Chernoff explained that scientists believe there may be multiple evolutionary purposes for miniaturization, each specific to a species or lineage of species. Some possible reasons include that miniaturization allows organisms to fit into smaller habitats, to feed on smaller-sized prey, to avoid predation (i.e., being smaller may be energetically less interesting to predators), and to become fertile and reproductive more quickly, though the number of potential offspring will be reduced.
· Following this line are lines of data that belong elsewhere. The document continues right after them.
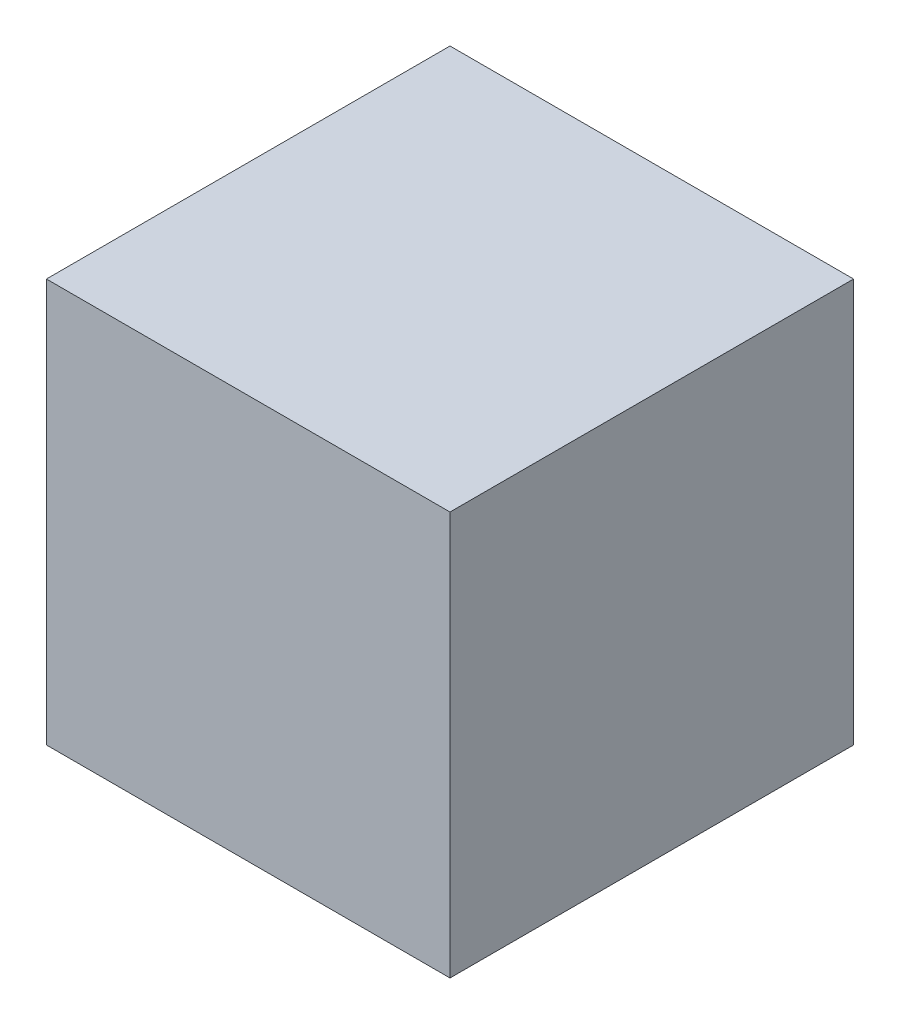
SolidWorks part; units mm, degrees
ref_plane "Front Plane" through (0, 0, 0) normal (0, 0, 1) x (1, 0, 0)
ref_plane "Top Plane" through (0, 0, 0) normal (0, 1, 0) x (1, 0, 0)
ref_plane "Right Plane" through (0, 0, 0) normal (1, 0, 0) x (0, 0, -1)
sketch "Sketch1" plane through (0, 0, 0) normal (0, 1, 0) x (1, 0, 0)
  line L1 (0, 0) -> (14, 0)
  line L2 (0, 0) -> (0, -14)
  line L3 (0, -14) -> (14, -14)
  line L4 (14, 0) -> (14, -14)
  dimension "D1" = 14
  dimension "D2" = 14
extrude "Boss-Extrude1" add sketch "Sketch1" along normal blind 14

Miniaturization is commonly understood to occur through paedomorphosis, which is when the juvenile form of an animal develops the ability to reproduce at a much smaller size and at an earlier age. In this case, the miniature looks similar to the juvenile or even larval forms of normal-sized species.

Another way that miniaturization occurs, which has only been reported a few times in the past, is when the species becomes fertile at a small size but it has the morphology of adults of normal-sized species. This occurs by speeding up the transformation of all the internal systems, including the reproductive organs. Thus, the miniatures mature at smaller sizes and look like tiny adults.

To illustrate, Chernoff said, “Imagine if we took a photo of you as a baby and a photo of you now. Let’s shrink your image in the adult photo to the size of you as a toddler. We would have no problem identifying the toddler you from the adult you. Babies and juveniles have different body proportions than adults—just think about what makes babies cute: they have very large eyes compared to the size of their heads, better known as the ‘Bambi effect.’ Now, let’s consider your adult image at the size of a toddler—you have the adult body shapes and lengths (head size, arm lengths, etc.). So if you had those shapes at the size of a toddler, then your system would have had to accelerate the development of all the parts relative to you getting taller.”

Chernoff first published on this effect in a book he co-authored in 1985. The new species he and his students discovered provide an important test of how size change is accomplished during the evolutionary history of lineages of organisms.  Chernoff believes these results can be general and will be discovered in other species. The publication by Chernoff and his students is also important because it adds to our knowledge of biodiversity of coastal habitats in the New World tropics.